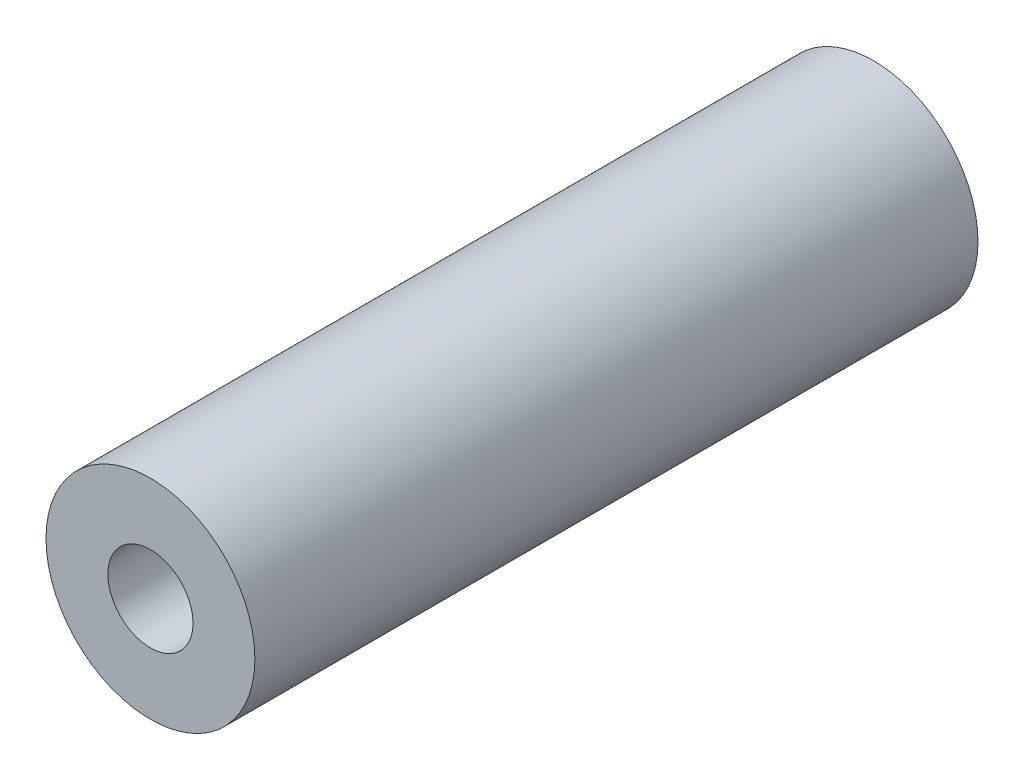
from build123d import *

# Parameters (mm, degrees)
SKETCH1_R      = 6.5
SKETCH1_R_2    = 2.65
EXTRUDE1_DEPTH = 22.5


with BuildPart() as part:
    # Sketch1 → Extrude1 (new, symmetric)
    with BuildSketch(Plane.XY):
        with Locations(Location((0, 0, 0), (0, 0, 180))):
            Circle(SKETCH1_R)
        with Locations(Location((0, 0, 0), (0, 0, 180))):
            Circle(SKETCH1_R_2, mode=Mode.SUBTRACT)
    extrude(amount=EXTRUDE1_DEPTH, both=True)


solid = part.part

────────────────

All records above need to be returned exactly. Omit the pictures.

from build123d import *

# Parameters (mm, degrees)
SKETCH1_R      = 6.5
SKETCH1_R_2    = 2.65
EXTRUDE1_DEPTH = 22.5


with BuildPart() as part:
    # Sketch1 → Extrude1 (new, symmetric)
    with BuildSketch(Plane.XY):
        with Locations(Location((0, 0, 0), (0, 0, 180))):
            Circle(SKETCH1_R)
        with Locations(Location((0, 0, 0), (0, 0, 180))):
            Circle(SKETCH1_R_2, mode=Mode.SUBTRACT)
    extrude(amount=EXTRUDE1_DEPTH, both=True)


solid = part.part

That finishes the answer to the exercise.